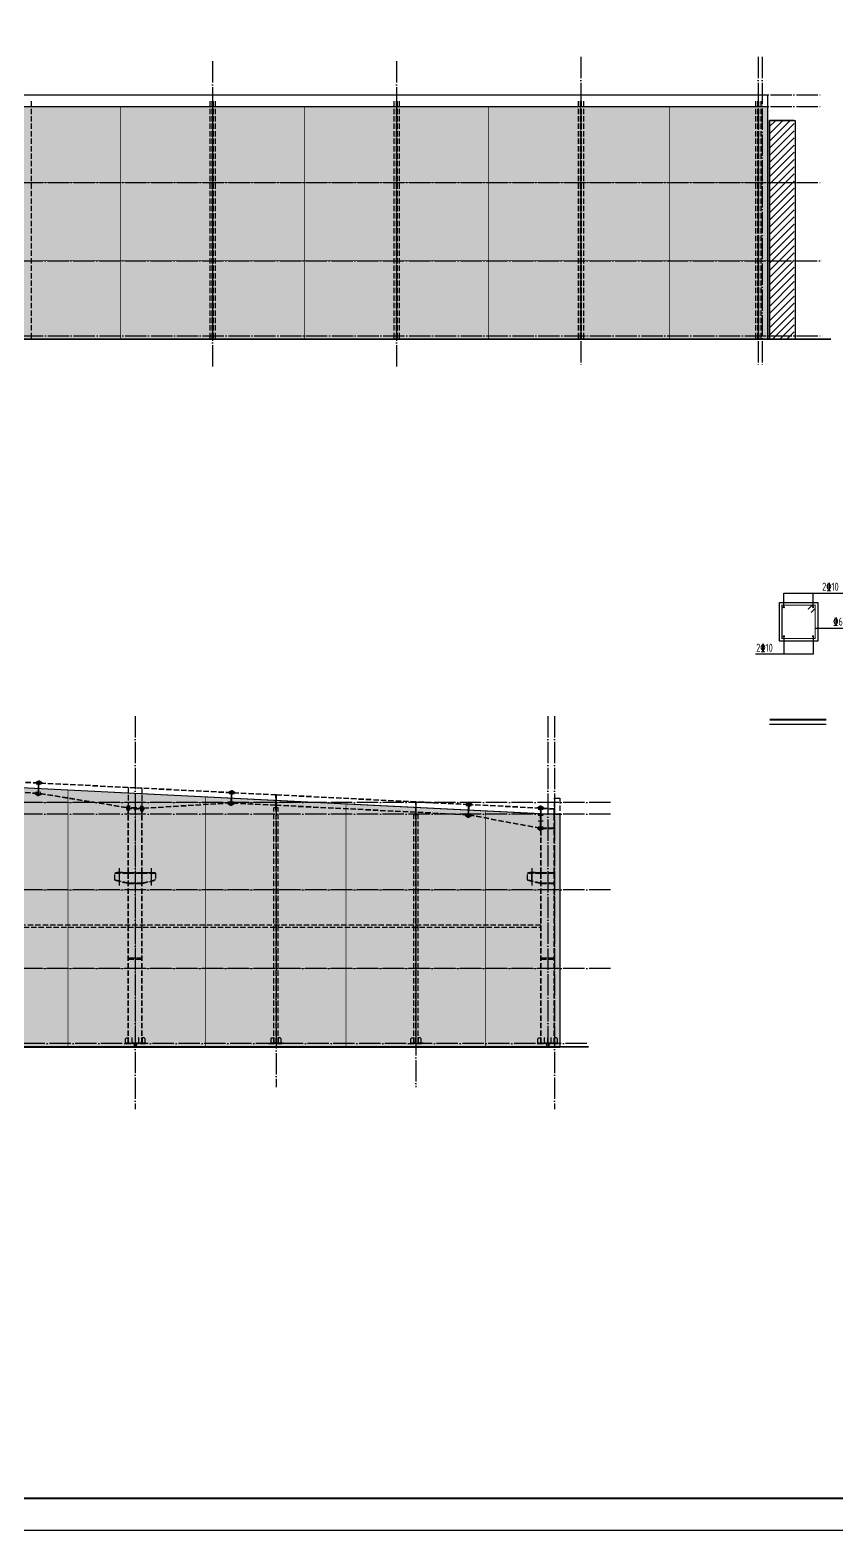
# Model space of a CAD drawing. Extents: x 447413 to 2975780, y -1432727 to 1301644.
# Drawn here: x 2718987 to 2756814, y -835904 to -765574 of the extents above; entities that cross this region are included whole.
import ezdxf

# ---------------------------------------------------------------- set-up
doc = ezdxf.new("R2010")
doc.units = 0
doc.header["$LTSCALE"] = 1000
doc.header["$MEASUREMENT"] = 0
doc.linetypes.add('DASH', pattern=[0.35, 0.25, -0.1])
doc.linetypes.add('DOTE', pattern=[2.42, 2, -0.2, 0.02, -0.2])
for name, color, linetype in [('114', 2, 'Continuous'), ('116', 1, 'Continuous'), ('DIM_SYMB', 3, 'Continuous'), ('DOTE', 1, 'Continuous'), ('GZ-标注', 60, 'Continuous'), ('GZ-框', 21, 'Continuous'), ('图框', 253, 'Continuous'), ('墙梁', 2, 'Continuous'), ('字符串标注', 253, 'Continuous'), ('柱子', 3, 'Continuous'), ('钢板标注', 253, 'Continuous')]:
    doc.layers.add(name, color=color, linetype=linetype)
for name, color, linetype, lineweight in [('DIM_ELEV', 3, 'Continuous', 0), ('柱平法箍筋', 14, 'Continuous', 35), ('柱平法纵筋', 14, 'Continuous', 25)]:
    doc.layers.add(name, color=color, linetype=linetype, lineweight=lineweight)
doc.styles.add('TEXT', font='tssdeng.shx', dxfattribs={"height": 3})
pattern_1 = [(45, (1458880.66, -1290326.2), (-168.379802, 168.379802), [])]

# ---------------------------------------------------------------- blocks, each defined once
blk = doc.blocks.new('A$C6B0021A6')
at = {"layer": '图框', "color": 2, "const_width": 40, "elevation": -84000}
blk.add_lwpolyline([(20, 84120), (118920, 84120), (118920, 20), (20, 20)], close=True, dxfattribs=at)
at = {"layer": '图框', "color": 153, "const_width": 58, "elevation": -84000}
blk.add_lwpolyline([(111420, 1020), (2520, 1020), (2520, 83120), (111420, 83120)], close=True, dxfattribs=at)
blk = doc.blocks.new('324444')
h = blk.add_hatch()
h.set_pattern_fill('ANSI31', color=256, scale=100)
h.set_pattern_definition([(45, (651.17, 0), (-112.2532, 112.2532), [])])
h.paths.add_polyline_path([(-608525, 7841), (-608599, 8261), (-608676, 8051), (-609113, 8051), (-609113, 7043), (-607913, 7043), (-607913, 8051), (-608451, 8051)])
h = blk.add_hatch()
h.set_pattern_fill('ANSI31', color=256, scale=100)
h.set_pattern_definition([(45, (-4264.65, -3000), (-112.2532, 112.2532), [])])
h.paths.add_polyline_path([(-612829, 5051), (-613367, 5051), (-613441, 4841), (-613515, 5261), (-613592, 5051), (-614029, 5051), (-614029, 4043), (-612829, 4043)])
at = {"layer": 'DIM_ELEV'}
for p, q in [((-619752, 3143), (-621018, 3143)), ((-620052, 2843), (-620352, 3143)), ((-619352, 2843), (-620352, 2843)), ((-620052, 2843), (-619752, 3143)), ((-614817, 2343), (-616083, 2343)), ((-615117, 2043), (-615417, 2343)), ((-614417, 2043), (-615417, 2043)), ((-615117, 2043), (-614817, 2343)), ((-609924, 2343), (-611190, 2343)), ((-610224, 2043), (-610524, 2343)), ((-609524, 2043), (-610524, 2043)), ((-610224, 2043), (-609924, 2343))]:
    blk.add_line(p, q, dxfattribs=at)
at = {"layer": 'DIM_SYMB', "const_width": 70}
for points in [[(-624850, -411), (-623076, -411)], [(-619338, -411), (-617632, -411)], [(-614653, -411), (-612247, -411)], [(-609887, -411), (-607181, -411)]]:
    blk.add_lwpolyline(points, dxfattribs=at)
at = {"layer": 'DIM_SYMB'}
for points in [[(-624850, -551), (-623076, -551)], [(-619338, -551), (-617632, -551)], [(-614653, -551), (-612247, -551)], [(-609887, -551), (-607181, -551)]]:
    blk.add_lwpolyline(points, dxfattribs=at)
at = {"layer": 'GZ-标注'}
blk.add_line((-608513, 2926), (-608513, 5968), dxfattribs=at)
for points in [[(-608973, 6903), (-608973, 7342), (-606710, 7342)], [(-608642, 6904), (-608642, 7342)], [(-608363, 6904), (-608363, 7342)], [(-608063, 6903), (-608063, 7342)], [(-608513, 5360), (-606626, 5360)], [(-613889, 3903), (-613889, 4342), (-612008, 4342)], [(-613557, 3904), (-613557, 4342)], [(-613278, 3904), (-613278, 4342)], [(-612978, 3903), (-612978, 4342)], [(-624402, 3103), (-624402, 3542), (-622521, 3542)], [(-623492, 3103), (-623492, 3542)], [(-618924, 2703), (-618924, 3142), (-617043, 3142)], [(-618014, 2703), (-618014, 3142)], [(-623422, 2443), (-621883, 2443)], [(-617944, 2443), (-616405, 2443)], [(-613429, 2360), (-611542, 2360)], [(-623492, 2191), (-623492, 1633), (-625294, 1633)], [(-624403, 2191), (-624403, 1633)], [(-618014, 2191), (-618014, 1633), (-619816, 1633)], [(-618925, 2191), (-618925, 1633)], [(-612978, 2191), (-612978, 1633), (-614781, 1633)], [(-613889, 2191), (-613889, 1633)], [(-613557, 2191), (-613557, 1633)], [(-613278, 2191), (-613278, 1633)], [(-608063, 2191), (-608063, 1633), (-609865, 1633)], [(-608974, 2191), (-608974, 1633)], [(-608642, 2191), (-608642, 1633)], [(-608363, 2191), (-608363, 1633)]]:
    blk.add_lwpolyline(points, dxfattribs=at)
at = {"layer": 'GZ-框'}
for p, q in [((-609113, 2043), (-609113, 8051)), ((-607913, 8051), (-607913, 2043)), ((-609113, 7043), (-607913, 7043)), ((-614029, 2043), (-614029, 5051)), ((-612829, 5051), (-612829, 2043)), ((-607913, 2043), (-609113, 2043))]:
    blk.add_line(p, q, dxfattribs=at)
for points in [[(-614029, 4043), (-612829, 4043), (-612829, 2043), (-614029, 2043)], [(-624542, 3243), (-623342, 3243), (-623342, 2043), (-624542, 2043)], [(-619064, 2843), (-617864, 2843), (-617864, 2043), (-619064, 2043)]]:
    blk.add_lwpolyline(points, close=True, dxfattribs=at)
at = {"layer": '柱平法箍筋'}
for points, const_width in [([(-609033, 6963), (-607993, 6963), (-607993, 2123), (-609033, 2123)], 35), ([(-608704, 6963), (-608302, 6963), (-608302, 2123), (-608704, 2123)], 35), ([(-609033, 5968), (-607993, 5968), (-607993, 2926), (-609033, 2926)], 35), ([(-609033, 4977), (-607993, 4977), (-607993, 3858), (-609033, 3858)], 35), ([(-607455, 4538), (-607039, 4538), (-607039, 2602), (-607455, 2602)], 14), ([(-613949, 3963), (-612909, 3963), (-612909, 2123), (-613949, 2123)], 35), ([(-607665, 4139), (-607249, 4139), (-607249, 2923), (-607665, 2923)], 14), ([(-607356, 3743), (-606940, 3743), (-606940, 3296), (-607356, 3296)], 14), ([(-624462, 3163), (-623422, 3163), (-623422, 2123), (-624462, 2123)], 35), ([(-618984, 2763), (-617944, 2763), (-617944, 2123), (-618984, 2123)], 35)]:
    blk.add_lwpolyline(points, close=True, dxfattribs=dict(at, const_width=const_width))
for points, const_width in [([(-608390, 6964), (-608520, 6834)], 35), ([(-608293, 6864), (-608423, 6734)], 35), ([(-608090, 6963), (-608220, 6833)], 35), ([(-607993, 6863), (-608123, 6733)], 35), ([(-608090, 5964), (-608220, 5833)], 35), ([(-607993, 5864), (-608123, 5733)], 35), ([(-608090, 4973), (-608220, 4843)], 35), ([(-607993, 4873), (-608123, 4742)], 35), ([(-607078, 4538), (-607130, 4485)], 14), ([(-607039, 4498), (-607091, 4445)], 14), ([(-613005, 3963), (-613136, 3833)], 35), ([(-612909, 3863), (-613039, 3733)], 35), ([(-607288, 4138), (-607340, 4086)], 14), ([(-607249, 4098), (-607301, 4046)], 14), ([(-606978, 3742), (-607031, 3689)], 14), ([(-606940, 3702), (-606992, 3649)], 14), ([(-623519, 3163), (-623649, 3033)], 35), ([(-623422, 3063), (-623552, 2933)], 35), ([(-618041, 2763), (-618171, 2633)], 35), ([(-617944, 2663), (-618074, 2533)], 35)]:
    blk.add_lwpolyline(points, dxfattribs=dict(at, const_width=const_width))
at = {"layer": '柱平法纵筋', "const_width": 35}
for points in [[(-608956, 6904, 1), (-608991, 6904, 1), (-608956, 6904, 1)], [(-608624, 6904, 1), (-608659, 6904, 1), (-608624, 6904, 1)], [(-608345, 6904, 1), (-608380, 6904, 1), (-608345, 6904, 1)], [(-608045, 6904, 1), (-608080, 6904, 1), (-608045, 6904, 1)], [(-608956, 5904, 1), (-608991, 5904, 1), (-608956, 5904, 1)], [(-608045, 5904, 1), (-608080, 5904, 1), (-608045, 5904, 1)], [(-608956, 4913, 1), (-608991, 4913, 1), (-608956, 4913, 1)], [(-608045, 4913, 1), (-608080, 4913, 1), (-608045, 4913, 1)], [(-613872, 3904, 1), (-613907, 3904, 1), (-613872, 3904, 1)], [(-613540, 3904, 1), (-613575, 3904, 1), (-613540, 3904, 1)], [(-613261, 3904, 1), (-613296, 3904, 1), (-613261, 3904, 1)], [(-612961, 3904, 1), (-612996, 3904, 1), (-612961, 3904, 1)], [(-608956, 3922, 1), (-608991, 3922, 1), (-608956, 3922, 1)], [(-608045, 3922, 1), (-608080, 3922, 1), (-608045, 3922, 1)], [(-624385, 3104, 1), (-624420, 3104, 1), (-624385, 3104, 1)], [(-623474, 3104, 1), (-623509, 3104, 1), (-623474, 3104, 1)], [(-608956, 2987, 1), (-608991, 2987, 1), (-608956, 2987, 1)], [(-608045, 2987, 1), (-608080, 2987, 1), (-608045, 2987, 1)], [(-618907, 2704, 1), (-618942, 2704, 1), (-618907, 2704, 1)], [(-617996, 2704, 1), (-618031, 2704, 1), (-617996, 2704, 1)], [(-624385, 2191, 1), (-624420, 2191, 1), (-624385, 2191, 1)], [(-623474, 2191, 1), (-623509, 2191, 1), (-623474, 2191, 1)], [(-618907, 2191, 1), (-618942, 2191, 1), (-618907, 2191, 1)], [(-617996, 2191, 1), (-618031, 2191, 1), (-617996, 2191, 1)], [(-613872, 2191, 1), (-613907, 2191, 1), (-613872, 2191, 1)], [(-613540, 2191, 1), (-613575, 2191, 1), (-613540, 2191, 1)], [(-613261, 2191, 1), (-613296, 2191, 1), (-613261, 2191, 1)], [(-612961, 2191, 1), (-612996, 2191, 1), (-612961, 2191, 1)], [(-608956, 2191, 1), (-608991, 2191, 1), (-608956, 2191, 1)], [(-608624, 2191, 1), (-608659, 2191, 1), (-608624, 2191, 1)], [(-608345, 2191, 1), (-608380, 2191, 1), (-608345, 2191, 1)], [(-608045, 2191, 1), (-608080, 2191, 1), (-608045, 2191, 1)]]:
    blk.add_lwpolyline(points, format="xyb", dxfattribs=at)
at = {"layer": 'GZ-标注', "style": 'TEXT', "width": 0.75}
for s, p in [('4%%13216', (-607395, 7416)), ('%%1328@100', (-607605, 5444)), ('4%%13214', (-612693, 4416)), ('2%%13210', (-623206, 3616)), ('2%%13210', (-617728, 3216)), ('%%1326@200', (-622861, 2527)), ('%%1326@200', (-617383, 2527)), ('%%1328@100', (-612521, 2444)), ('2%%13210', (-625266, 1710)), ('2%%13210', (-619788, 1710)), ('4%%13216', (-614752, 1710)), ('4%%13220', (-609837, 1710))]:
    blk.add_text(s, height=250, dxfattribs=at).set_placement(p)

msp = doc.modelspace()

# ---------------------------------------------------------------- hatches: boundary and pattern name
h = msp.add_hatch()
h.set_pattern_fill('AR-B816', color=8, scale=200)
h.set_pattern_definition([(0, (1458880.66, -1290326.2), (0, 242.6208), []), (90, (1458880.66, -1290326.2), (-242.6208, 242.6208), [242.6208, -242.6208])])
h.paths.add_polyline_path([(2701452.3, -769160.9), (2753551.9, -769160.9), (2753551.9, -780060.9), (2701452.3, -780060.9)])
h = msp.add_hatch()
h.set_pattern_fill('ANSI31', color=97, scale=150)
h.set_pattern_definition(pattern_1)
h.paths.add_polyline_path([(2753651.9, -769810.9), (2754808, -769810.9), (2754808, -780060.9), (2753651.9, -780060.9)])
h = msp.add_hatch()
h.set_pattern_fill('ANSI31', color=97, scale=150)
h.set_pattern_definition(pattern_1)
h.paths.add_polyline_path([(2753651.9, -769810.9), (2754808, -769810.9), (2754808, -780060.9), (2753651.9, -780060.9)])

━━━━━━━━━━━━━━━━━━━━━━━━━━━━━━

Repeat the lines of the listing above verbatim, beginning at its first line and ending at the line containing "doc.linetypes.add('DOTE', pattern=[2.42, 2, -0.2, 0.02, -0.2])", which is included. Omit pictures.

# Model space of a CAD drawing. Extents: x 447413 to 2975780, y -1432727 to 1301644.
# Drawn here: x 2718987 to 2756814, y -835904 to -765574 of the extents above; entities that cross this region are included whole.
import ezdxf

# ---------------------------------------------------------------- set-up
doc = ezdxf.new("R2010")
doc.units = 0
doc.header["$LTSCALE"] = 1000
doc.header["$MEASUREMENT"] = 0
doc.linetypes.add('DASH', pattern=[0.35, 0.25, -0.1])
doc.linetypes.add('DOTE', pattern=[2.42, 2, -0.2, 0.02, -0.2])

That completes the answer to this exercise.